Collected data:
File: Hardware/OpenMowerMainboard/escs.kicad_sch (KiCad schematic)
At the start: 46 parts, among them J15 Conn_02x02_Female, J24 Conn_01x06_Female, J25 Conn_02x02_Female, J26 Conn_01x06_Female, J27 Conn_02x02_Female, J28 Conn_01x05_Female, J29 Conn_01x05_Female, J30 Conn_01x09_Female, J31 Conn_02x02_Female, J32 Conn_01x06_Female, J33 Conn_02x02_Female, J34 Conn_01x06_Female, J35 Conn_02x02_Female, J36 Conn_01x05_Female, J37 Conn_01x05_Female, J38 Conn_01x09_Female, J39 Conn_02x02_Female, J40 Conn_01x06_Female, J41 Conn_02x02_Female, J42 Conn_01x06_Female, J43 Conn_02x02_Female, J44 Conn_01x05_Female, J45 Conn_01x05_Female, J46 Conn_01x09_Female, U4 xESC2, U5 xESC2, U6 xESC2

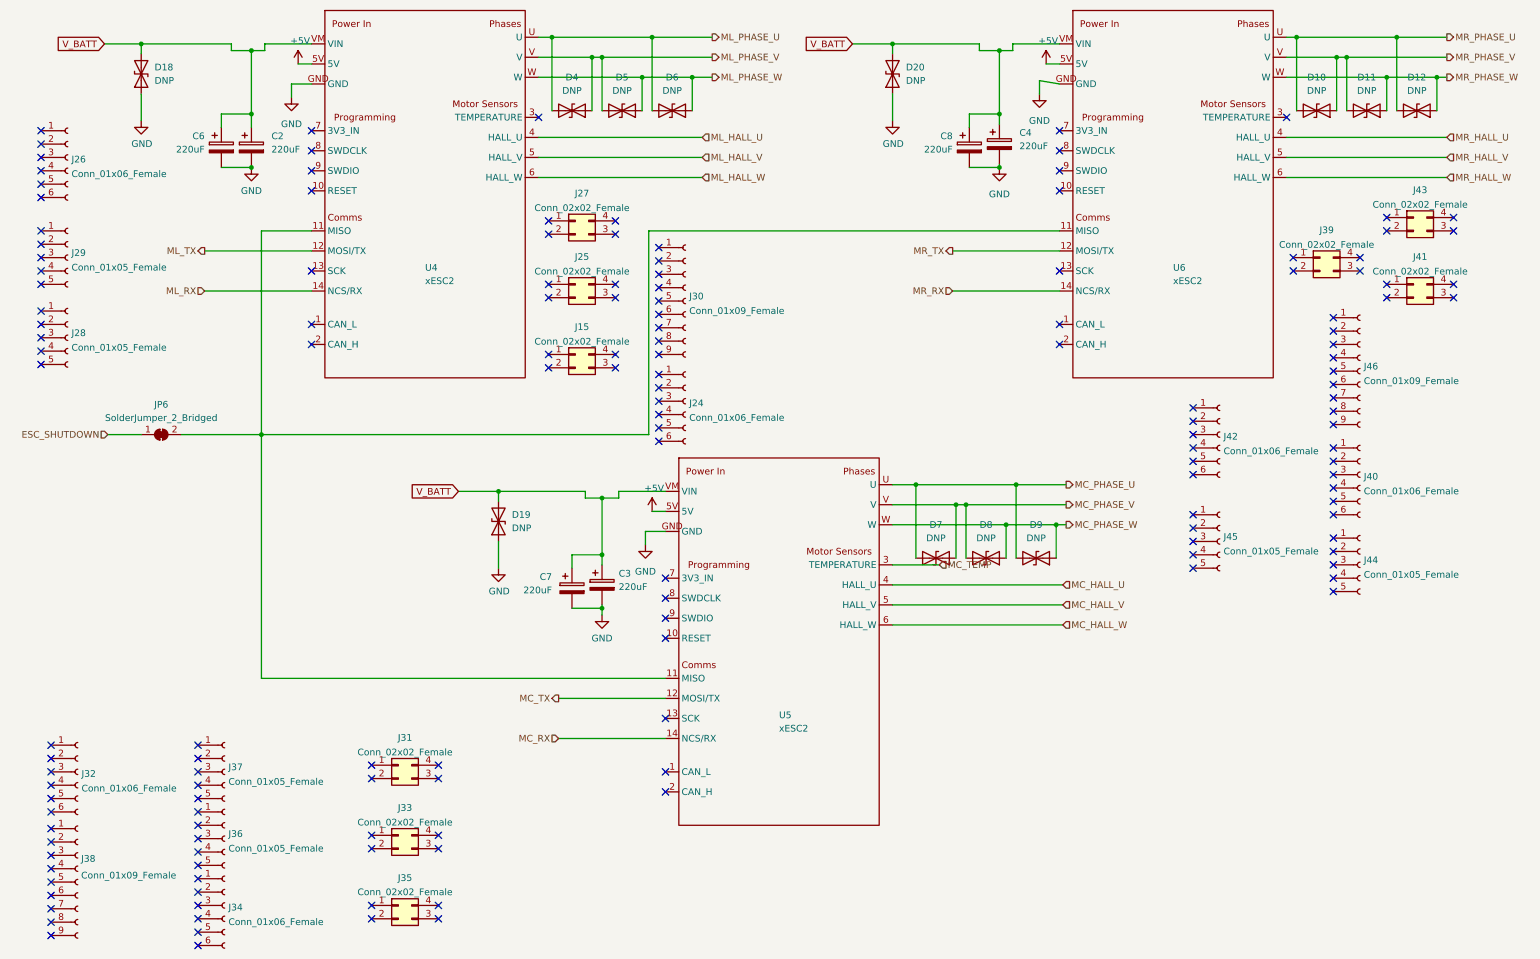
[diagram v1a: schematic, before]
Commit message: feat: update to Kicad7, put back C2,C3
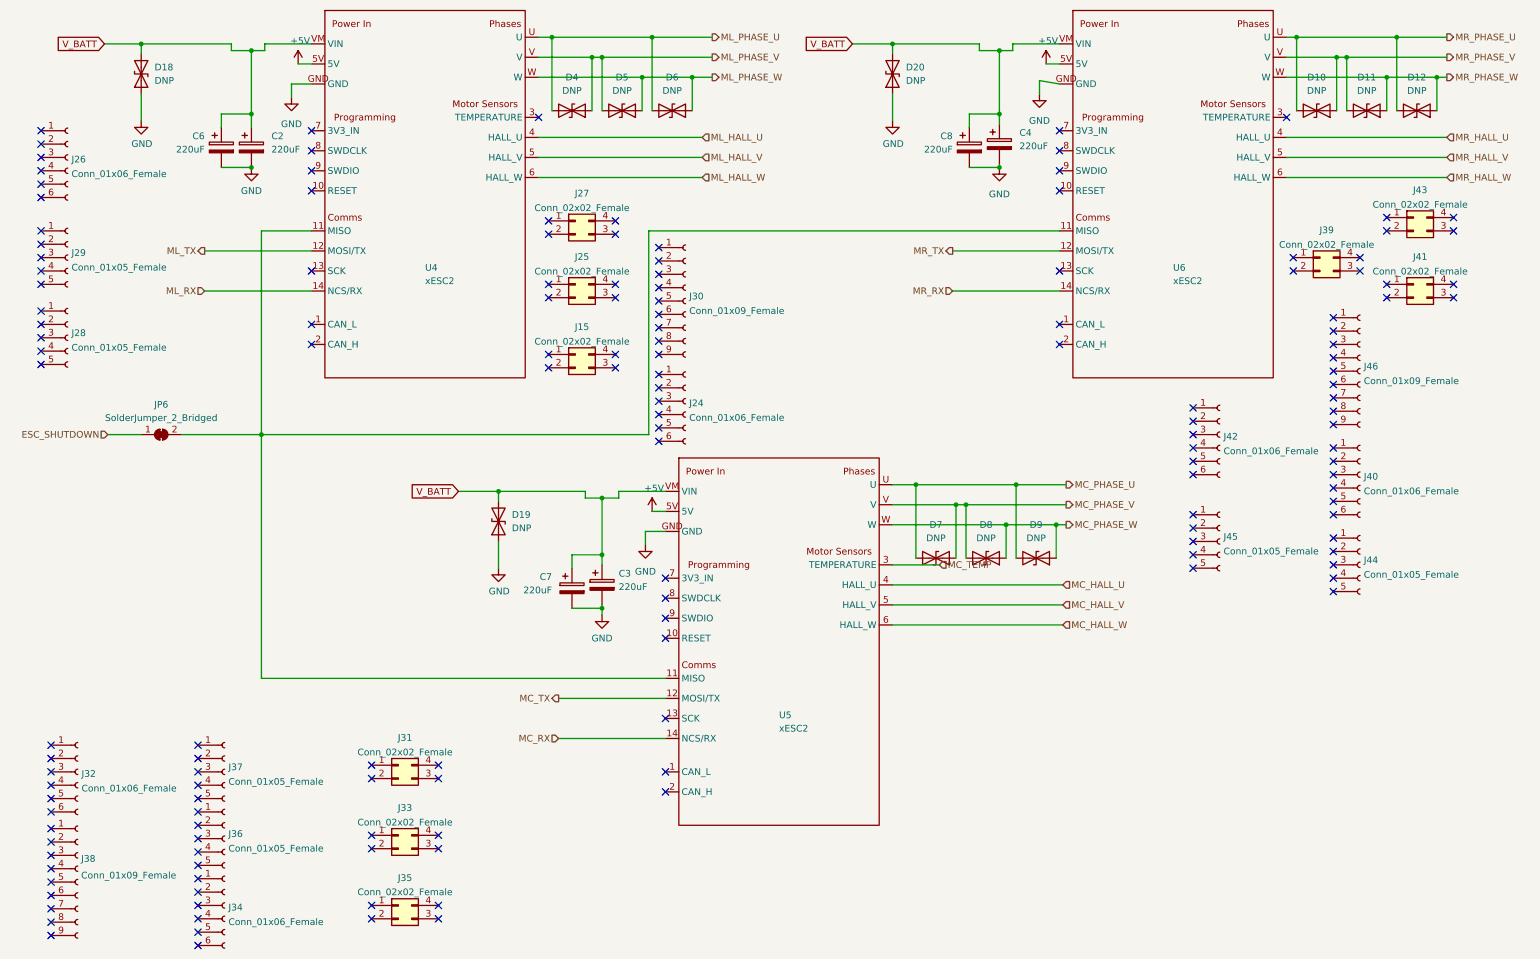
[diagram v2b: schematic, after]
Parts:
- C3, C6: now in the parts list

§ Task prompt: Repeat the data exactly, without the pictures.

§ Expected output:
File: Hardware/OpenMowerMainboard/escs.kicad_sch (KiCad schematic)
At the start: 46 parts, among them J15 Conn_02x02_Female, J24 Conn_01x06_Female, J25 Conn_02x02_Female, J26 Conn_01x06_Female, J27 Conn_02x02_Female, J28 Conn_01x05_Female, J29 Conn_01x05_Female, J30 Conn_01x09_Female, J31 Conn_02x02_Female, J32 Conn_01x06_Female, J33 Conn_02x02_Female, J34 Conn_01x06_Female, J35 Conn_02x02_Female, J36 Conn_01x05_Female, J37 Conn_01x05_Female, J38 Conn_01x09_Female, J39 Conn_02x02_Female, J40 Conn_01x06_Female, J41 Conn_02x02_Female, J42 Conn_01x06_Female, J43 Conn_02x02_Female, J44 Conn_01x05_Female, J45 Conn_01x05_Female, J46 Conn_01x09_Female, U4 xESC2, U5 xESC2, U6 xESC2

[diagram v1a: schematic, before]
Commit message: feat: update to Kicad7, put back C2,C3
[diagram v2b: schematic, after]
Parts:
- C3, C6: now in the parts list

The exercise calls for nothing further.